== ACTIVITY ==
Copy the closing run of lines, from the one with "Commit message: Remove CM4-Backups" through the last line of the listing, exactly and without any pictures.

== SOURCE MATERIAL ==
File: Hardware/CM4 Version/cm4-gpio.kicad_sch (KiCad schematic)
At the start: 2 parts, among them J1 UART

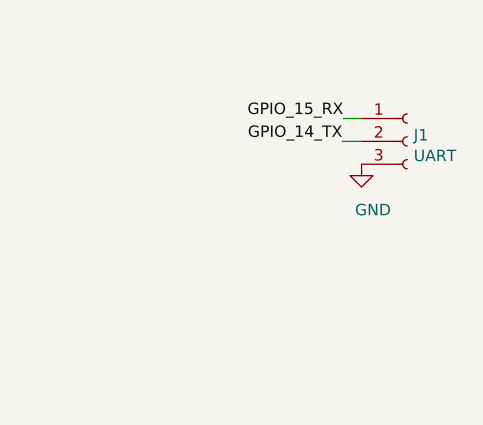
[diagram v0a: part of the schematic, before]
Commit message: Remove CM4-Backups
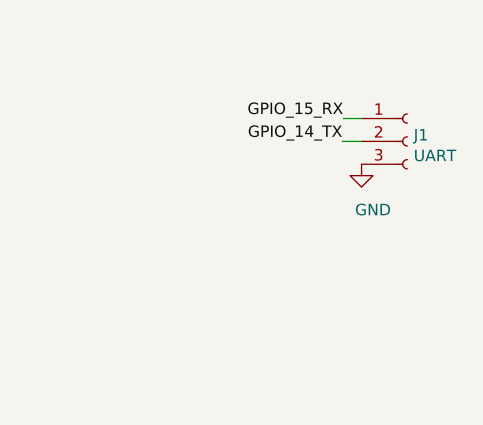
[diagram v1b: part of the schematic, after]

== RESULT FOR THIS EXERCISE ==
Commit message: Remove CM4-Backups
[diagram v1b: part of the schematic, after]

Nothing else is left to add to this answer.